The threads are unraveling but imagine a bird at the moment of emergence, and how it is blinded and terrified as shafts of light angle in and its warm home starts to crack and fall away.

And then the tiny, fluffy bird discovers it can walk, and then fly.

To say nothing of the Monarch, that beauty queen of colour and shape that waits on the other side of collapse.

Today a dizzy awareness floods in—it’s porous and all-encompassing, first tinted and then overwhelmed by nostalgia, for sunny days like this, but on mountaintops, and in the thinnest, most dazzling air.

The sensation is so great, I fear I will drown in the waters of what was, of the all-that-has-been I’ve since spun into gold.

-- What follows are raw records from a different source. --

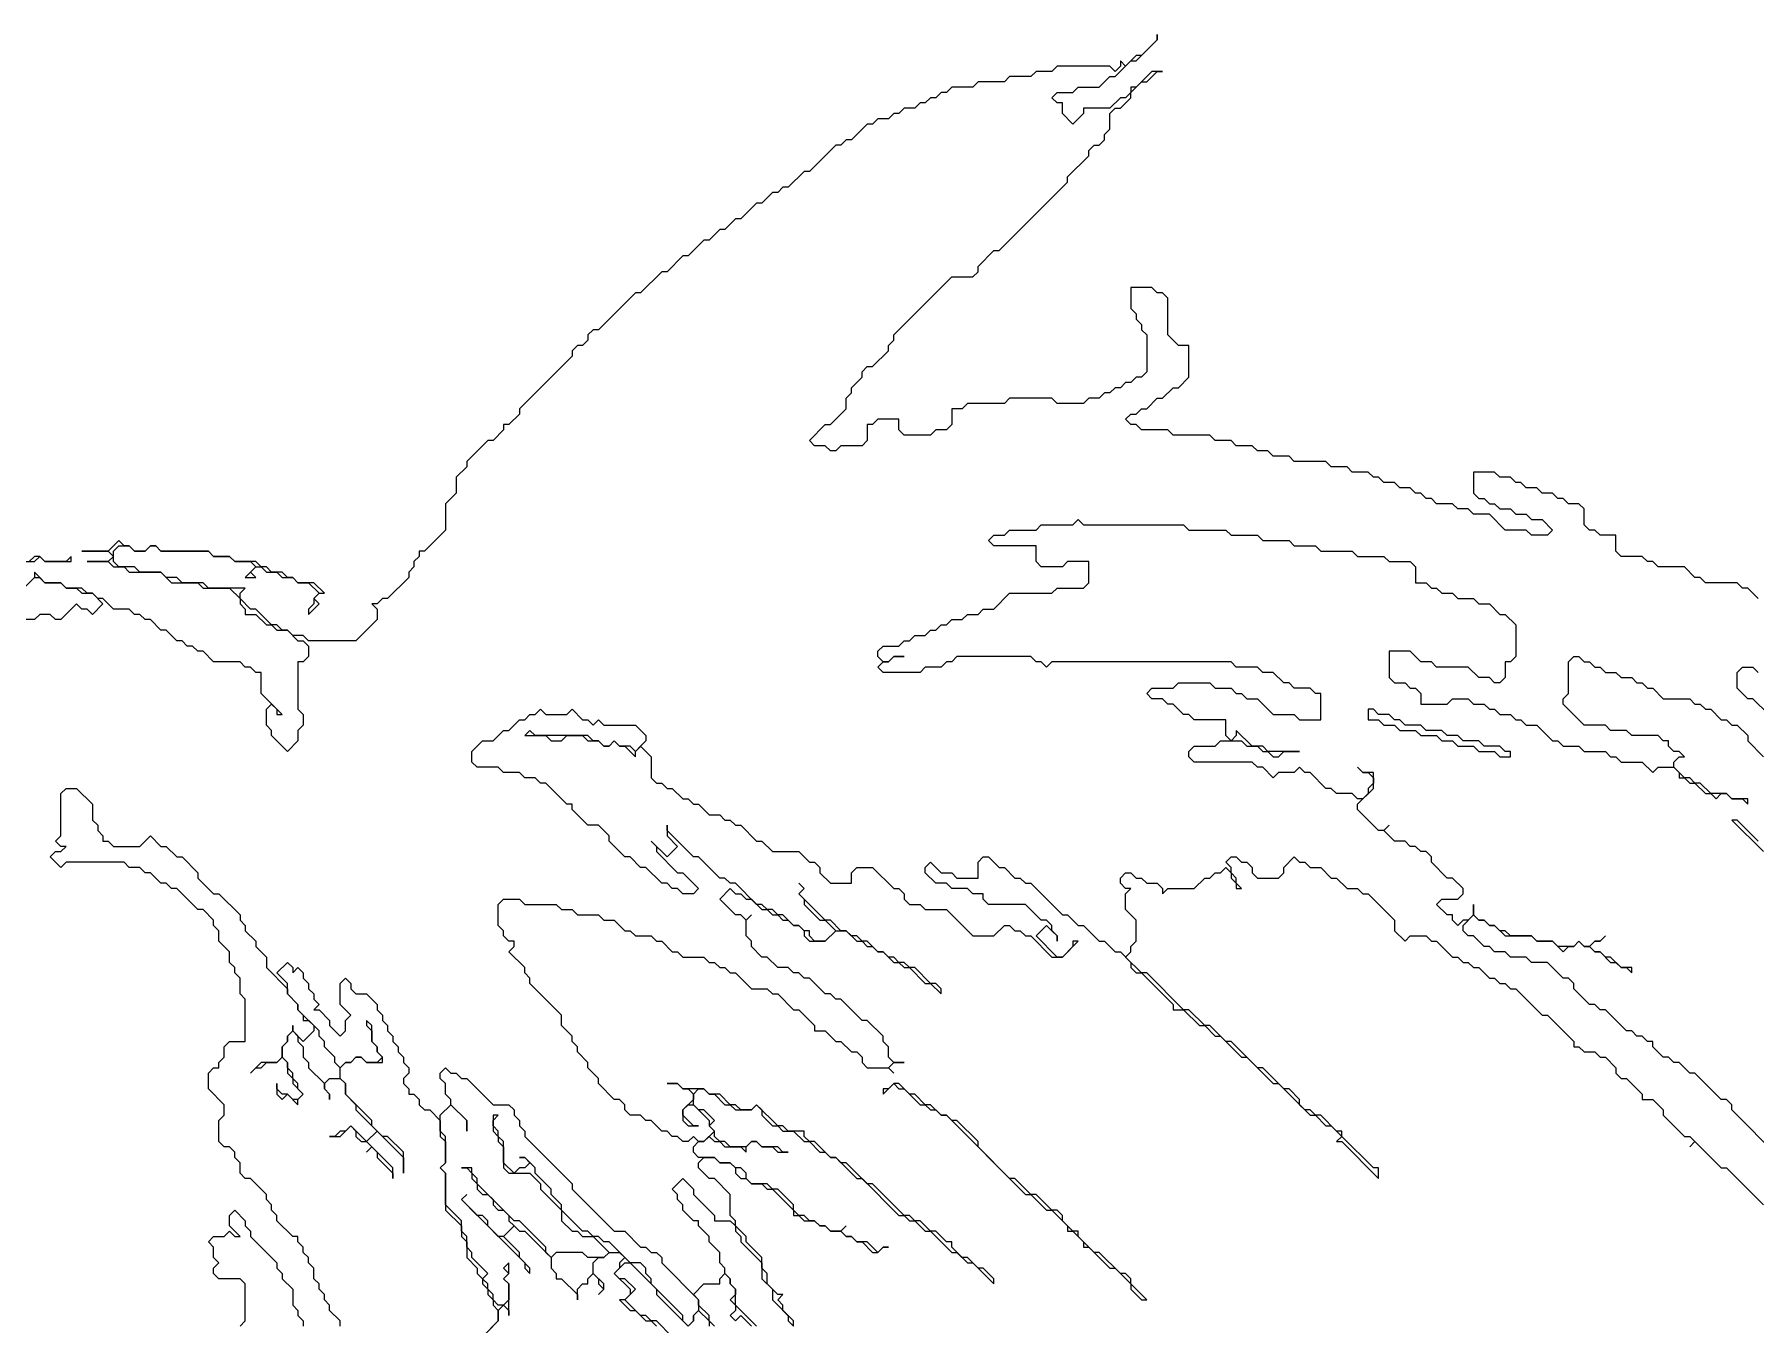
# Model space of a CAD drawing. Header units: metres. Extents: x 0 to 1000, y 0 to 1405.
# Drawn here: x 401.7 to 483.4, y 1229.1 to 1290.2 of the extents above; entities that cross this region are included whole.
import ezdxf

# ---------------------------------------------------------------- set-up
doc = ezdxf.new("R2010")
doc.units = ezdxf.units.M

msp = doc.modelspace()

# ---------------------------------------------------------------- linework, layer by layer
for points in [[(483.5, 1263.5), (483, 1264), (482.75, 1264), (482.5, 1264.25), (481, 1264.25), (480.75, 1264.5), (480.5, 1264.5), (480, 1265), (478.75, 1265), (478.5, 1265.25), (478.25, 1265.25), (478, 1265.5), (477, 1265.5), (476.75, 1265.75), (476.75, 1266.5), (476, 1266.5), (475.75, 1266.75), (475.5, 1266.75), (475.25, 1267), (475.25, 1267.75), (475, 1268), (474.5, 1268), (474.25, 1268.25), (474, 1268.25), (473.75, 1268.5), (473.25, 1268.5), (473, 1268.75), (472.5, 1268.75), (472.25, 1269), (472, 1269), (471.75, 1269.25), (471.25, 1269.25), (471, 1269.5), (470, 1269.5), (470, 1268.5), (470.25, 1268.25), (470.5, 1268.25), (470.75, 1268), (471, 1268), (471.25, 1267.75), (471.75, 1267.75), (472, 1267.5), (472.5, 1267.5), (472.75, 1267.25), (473.25, 1267.25), (473.75, 1266.75), (473.5, 1266.5), (472.75, 1266.5), (472.5, 1266.75), (471.5, 1266.75), (470.75, 1267.5), (470, 1267.5), (469.75, 1267.75), (469.25, 1267.75), (469, 1268), (468.25, 1268), (468, 1268.25), (467.75, 1268.25), (467.5, 1268.5), (467.25, 1268.5), (467, 1268.75), (466.5, 1268.75), (466.25, 1269), (465.75, 1269), (465.5, 1269.25), (465.25, 1269.25), (465, 1269.5), (464.25, 1269.5), (464, 1269.75), (463.25, 1269.75), (463, 1270), (461.5, 1270), (461.25, 1270.25), (460.5, 1270.25), (460.25, 1270.5), (459.75, 1270.5), (459.5, 1270.75), (458.75, 1270.75), (458.5, 1271), (457.75, 1271), (457.5, 1271.25), (455.75, 1271.25), (455.5, 1271.5), (454.25, 1271.5), (454, 1271.75), (453.75, 1271.75), (453.5, 1272), (453.75, 1272.25), (454, 1272.25), (454.25, 1272.5), (454.5, 1272.5), (455, 1273), (455.25, 1273), (455.75, 1273.5), (456, 1273.5), (456.5, 1274), (456.5, 1275.5), (456, 1275.5), (455.5, 1276), (455.5, 1277.75), (455.25, 1278), (455, 1278), (454.75, 1278.25), (453.75, 1278.25), (453.75, 1277.25), (454, 1277), (454, 1276.75), (454.25, 1276.5), (454.25, 1276.25), (454.5, 1276), (454.5, 1274.25), (454.25, 1274), (454, 1274), (453.75, 1273.75), (453.5, 1273.75), (453.25, 1273.5), (453, 1273.5), (452.75, 1273.25), (452.5, 1273.25), (452.25, 1273), (451.75, 1273), (451.5, 1272.75), (450.25, 1272.75), (450, 1273), (448, 1273), (447.75, 1272.75), (446, 1272.75), (445.75, 1272.5), (445.25, 1272.5), (445.25, 1271.75), (445, 1271.5), (444.5, 1271.5), (444.25, 1271.25), (443, 1271.25), (442.75, 1271.5), (442.75, 1272), (441.75, 1272), (441.5, 1271.75), (441.25, 1271.75), (441.25, 1271), (441, 1270.75), (440, 1270.75), (439.75, 1270.5), (439.5, 1270.5), (439.25, 1270.75), (438.75, 1270.75), (438.5, 1271), (439.25, 1271.75), (439.5, 1271.75), (440.25, 1272.5), (440.25, 1273), (440.5, 1273.25), (440.5, 1273.5), (441, 1274), (441, 1274.25), (441.25, 1274.5), (441.5, 1274.5), (442.25, 1275.25), (442.25, 1275.5), (442.5, 1275.75), (442.5, 1276), (445.25, 1278.75), (446.25, 1278.75), (446.5, 1279), (446.5, 1279.25), (447.25, 1280), (447.5, 1280), (450.75, 1283.25), (450.75, 1283.5), (451.75, 1284.5), (451.75, 1284.75), (452, 1285), (452.25, 1285), (452.5, 1285.25), (452.5, 1285.5), (452.75, 1285.75), (452.75, 1286.5), (453, 1286.75), (453.25, 1286.75), (453.75, 1287.25), (453.75, 1287.5), (454.25, 1288), (454.5, 1288), (455, 1288.5), (455.25, 1288.5), (454.75, 1288.5), (454, 1287.75), (453.75, 1287.75), (453.75, 1287.5), (453.5, 1287.25), (453.25, 1287.25), (452.75, 1286.75), (451.5, 1286.75), (451.5, 1286.5), (451, 1286), (450.5, 1286.5), (450.5, 1287), (450.25, 1287), (450, 1287.25), (450.25, 1287.5), (451, 1287.5), (451.25, 1287.75), (452.25, 1287.75), (452.75, 1288.25), (453, 1288.25), (453.75, 1289), (454, 1289), (455, 1290), (455, 1290.25), (455, 1290), (454.25, 1289.25), (454, 1289.25), (453.5, 1288.75), (453.25, 1289), (453.25, 1288.75), (453, 1288.5), (452.75, 1288.75), (450.25, 1288.75), (450, 1288.5), (449.25, 1288.5), (449, 1288.25), (448, 1288.25), (447.75, 1288), (446.5, 1288), (446.25, 1287.75), (445.25, 1287.75), (445, 1287.5), (444.75, 1287.5), (444.5, 1287.25), (444.25, 1287.25), (444, 1287), (443.75, 1287), (443.5, 1286.75), (443, 1286.75), (442.75, 1286.5), (442.5, 1286.5), (442.25, 1286.25), (441.75, 1286.25), (441.5, 1286), (441.25, 1286), (440.5, 1285.25), (440.25, 1285.25), (440, 1285), (439.75, 1285), (438.5, 1283.75), (438.25, 1283.75), (437.5, 1283), (437.25, 1283), (437, 1282.75), (436.75, 1282.75), (436.25, 1282.25), (436, 1282.25), (435.25, 1281.5), (435, 1281.5), (434.5, 1281), (434.25, 1281), (433.75, 1280.5), (433.5, 1280.5), (432.75, 1279.75), (432.5, 1279.75), (431.75, 1279), (431.5, 1279), (430.5, 1278), (430.25, 1278), (428.5, 1276.25), (428.25, 1276.25), (428, 1276), (428, 1275.75), (427.75, 1275.5), (427.5, 1275.5), (427.25, 1275.25), (427.25, 1275), (424.75, 1272.5), (424.75, 1272.25), (424.25, 1271.75), (424, 1271.75), (424, 1271.5), (423.5, 1271), (423.25, 1271), (422.25, 1270), (422.25, 1269.75), (421.75, 1269.25), (421.75, 1268.5), (421.25, 1268), (421.25, 1266.75), (420.25, 1265.75), (420, 1265.75), (420, 1265.5), (419.75, 1265.25), (419.75, 1265), (419.5, 1264.75), (419.5, 1264.5), (418.5, 1263.5), (418.25, 1263.5), (418, 1263.25), (417.75, 1263.25), (418, 1263), (418, 1262.5), (417, 1261.5), (414.75, 1261.5), (414.5, 1261.75), (414, 1261.75), (413.75, 1262), (413.5, 1262), (413.25, 1262.25), (413, 1262.25), (412.25, 1263), (412, 1263), (411.5, 1263.5), (411.5, 1263.75), (411.75, 1264), (410, 1264), (409.75, 1264.25), (408.75, 1264.25), (408.5, 1264.5), (408, 1264.5), (407.75, 1264.75), (406.75, 1264.75), (406.5, 1265), (405.75, 1265), (405.5, 1265.25), (405.5, 1265.75), (405.75, 1266), (406.25, 1266), (406.5, 1265.75), (407, 1265.75), (407.25, 1266), (407.5, 1266), (407.75, 1265.75), (410, 1265.75), (410.25, 1265.5), (411, 1265.5), (411.25, 1265.25), (412, 1265.25), (412.25, 1265), (411.75, 1264.5), (412.25, 1264.5), (412, 1264.75), (412.25, 1265), (412.5, 1265), (412.75, 1264.75), (413.25, 1264.75), (413.5, 1264.5), (414, 1264.5), (414.25, 1264.25), (414.75, 1264.25), (415.25, 1263.75), (415, 1263.5), (415, 1263.25), (414.75, 1263), (414.75, 1262.75), (415.25, 1263.25), (415, 1263.5), (415.25, 1263.75), (415.5, 1263.75), (415, 1264.25), (414.25, 1264.25), (414, 1264.5), (413.75, 1264.5), (413.5, 1264.75), (413, 1264.75), (412.75, 1265), (412.5, 1265), (412.25, 1265.25), (411.25, 1265.25), (411, 1265.5), (410.25, 1265.5), (410, 1265.75), (407.75, 1265.75), (407.5, 1266), (407.25, 1266), (407, 1265.75), (406.5, 1265.75), (406.25, 1266), (406, 1266), (405.75, 1266.25), (405.25, 1265.75), (404, 1265.75), (405.25, 1265.75), (405.5, 1265.5), (405.25, 1265.25), (404.25, 1265.25), (405.25, 1265.25), (405.5, 1265), (406, 1265), (406.25, 1264.75), (407.75, 1264.75), (408.25, 1264.25), (409.5, 1264.25), (409.75, 1264), (411, 1264), (411.5, 1263.5), (411.5, 1263.25), (411.75, 1263), (411.75, 1262.75), (412.25, 1262.75), (412.75, 1262.25), (413, 1262.25), (413.25, 1262), (413.75, 1262), (414.25, 1261.5), (414.5, 1261.5), (414.75, 1261.25), (414.75, 1260.75), (414.5, 1260.5), (414.25, 1260.5), (414.25, 1258.25), (414.5, 1258), (414.5, 1257.5), (414.25, 1257.25), (414.25, 1256.75), (413.75, 1256.25), (413, 1257), (413, 1257.25), (412.75, 1257.5), (412.75, 1258.25), (413, 1258.5), (413.25, 1258.25), (413.25, 1258), (413.5, 1258), (412.5, 1259), (412.5, 1260), (412.25, 1260), (412, 1260.25), (411.75, 1260.25), (411.5, 1260.5), (410.25, 1260.5), (409.75, 1261), (409.5, 1261), (409.25, 1261.25), (409, 1261.25), (408.75, 1261.5), (408.5, 1261.5), (408, 1262), (407.75, 1262), (407.25, 1262.5), (407, 1262.5), (406.75, 1262.75), (406.5, 1262.75), (406.25, 1263), (405.5, 1263), (405, 1263.5), (404.75, 1263.5), (404.5, 1263.75), (404.25, 1263.75), (404, 1264), (403.25, 1264), (403, 1264.25), (402.25, 1264.25), (401.75, 1264.75), (401.75, 1264.5), (401.25, 1264)], [(484.5, 1237), (482.25, 1239.25), (482.25, 1239.5), (482, 1239.75), (481.75, 1239.75), (480.5, 1241), (480.25, 1241), (479.75, 1241.5), (479.5, 1241.5), (479.25, 1241.75), (479, 1241.75), (478.5, 1242.25), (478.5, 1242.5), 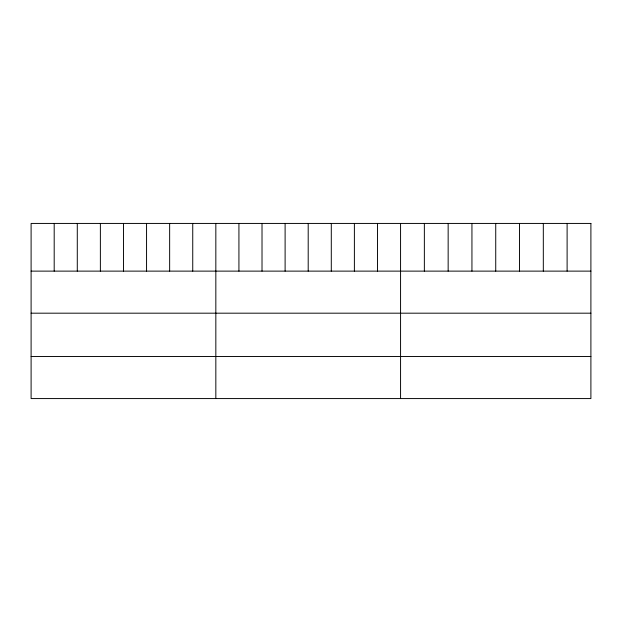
<?xml version="1.0" encoding="UTF-8"?>
<svg xmlns="http://www.w3.org/2000/svg" width="622" height="622" viewBox="0 0 622 622"><rect width="100%" height="100%" fill="white"/><g stroke="black" fill="none" stroke-linecap="round" stroke-linejoin="round"><path stroke-width="0.93" d="M31.1 271.122L590.9 271.122M31.1 313.185L590.9 313.185M31.1 356.515L590.9 356.515M567.108 223.43L567.108 271.122M543.317 223.43L543.317 271.122M519.525 223.43L519.525 271.122M495.734 223.43L495.734 271.122M471.942 223.43L471.942 271.122M448.151 223.43L448.151 271.122M424.359 223.43L424.359 271.122M400.568 223.43L400.568 398.57M377.476 223.43L377.476 271.122M354.385 223.43L354.385 271.122M331.293 223.43L331.293 271.122M308.201 223.43L308.201 271.122M285.109 223.43L285.109 271.122M262.017 223.43L262.017 271.122M238.926 223.43L238.926 271.122M215.834 223.43L215.834 398.57M192.742 223.43L192.742 271.122M169.65 223.43L169.65 271.122M146.559 223.43L146.559 271.122M123.467 223.43L123.467 271.122M100.375 223.43L100.375 271.122M77.284 223.43L77.284 271.122M54.192 223.43L54.192 271.122M590.9 223.43L31.1 223.43L31.1 398.57L590.9 398.57L590.9 223.43"/></g></svg>
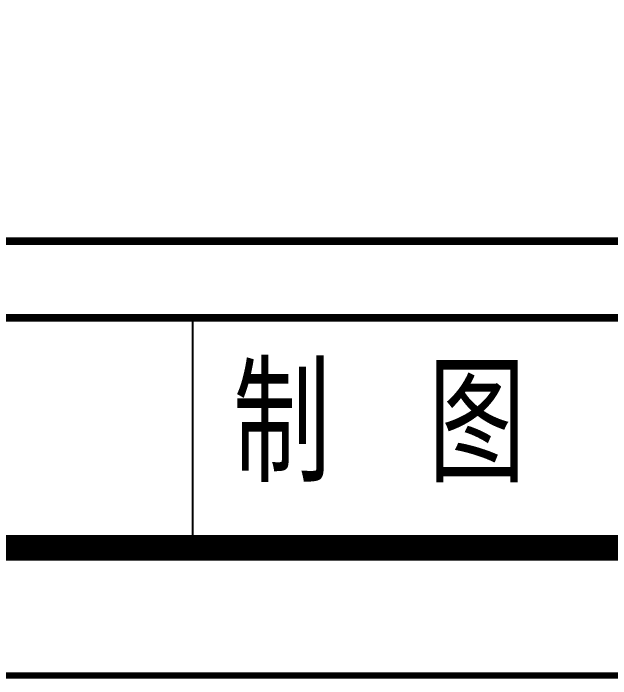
# Model space of a CAD drawing. Extents: x -27 to 2779, y -202 to 95.
# Drawn here: x 325.43 to 348.8, y -202.12 to -176.09 of the extents above; entities that cross this region are included whole.
import ezdxf

# ---------------------------------------------------------------- set-up
doc = ezdxf.new("R2010")
doc.units = 0
doc.header["$MEASUREMENT"] = 0
doc.layers.add('ZZT_TC', color=7, linetype='Continuous')
doc.styles.add('LZ_FONT', font='simfang.ttf', dxfattribs={"width": 0.7, "height": 8})

# ---------------------------------------------------------------- blocks, each defined once
blk = doc.blocks.new('block2', base_point=(27, 229))
blk.add_line((123.456, 5), (123.456, 14))
for points, const_width in [([(0, 0), (210, 0), (210, 297), (0, 297)], 0.25), ([(25, 5), (205, 5), (205, 292), (25, 292)], 1), ([(27, 265), (203, 265), (203, 17), (27, 17)], 0.3)]:
    blk.add_lwpolyline(points, close=True, dxfattribs=dict(const_width=const_width))
at = {"const_width": 0.3}
blk.add_lwpolyline([(25, 14), (205, 14)], dxfattribs=at)
at = {"style": 'LZ_FONT', "width": 0.7}
blk.add_text('制  图', height=4, dxfattribs=at).set_placement((125.024, 8))

msp = doc.modelspace()

# ---------------------------------------------------------------- linework, layer by layer
at = {"layer": 'ZZT_TC', "color": 7, "const_width": 0.3, "flags": 128}
msp.add_lwpolyline([(236, 27), (412, 27), (412, -185), (236, -185)], close=True, dxfattribs=at)

# ---------------------------------------------------------------- block references
at = {"layer": 'ZZT_TC'}
msp.add_blockref('block2', (236, 27), dxfattribs=at)

doc.saveas('drawing.dxf')

Nostalgia tries to patch me back together again, and because it never will, I am thrust back into here-and-now, and come face to face with the fabric coming undone and tumbling everywhere, and I find what my deepest heart tells me is the wisdom of pure potential, untarnished by any thought of what is supposed to be, of what I allegedly am.

But today, I can’t see into that space that takes me to emptiness and clear thought.

The sun doesn’t wash me back into wholeness.

Instead, my stomach, busy with the work of trying to digest a lifetime of things-shoved-down, cries out in alarm and keeps me rooted in a body that shakes and feels clingy and unsure.

My stomach, keeper of dim old memories, comes with me for a walk and watches the pigeons settle in around me, and accompanies me as I observe children learning how to play catch.

They throw and receive, shriek with joy, and fall and bounce back again.

And then I stop resisting this great undoing.

I watch the frayed edges catch the yellow light of the waning afternoon sun.

Leaves hang overhead, a green awning that would be a trusted cushion if I climbed up there.

I allow myself, at least for now, to be warmed.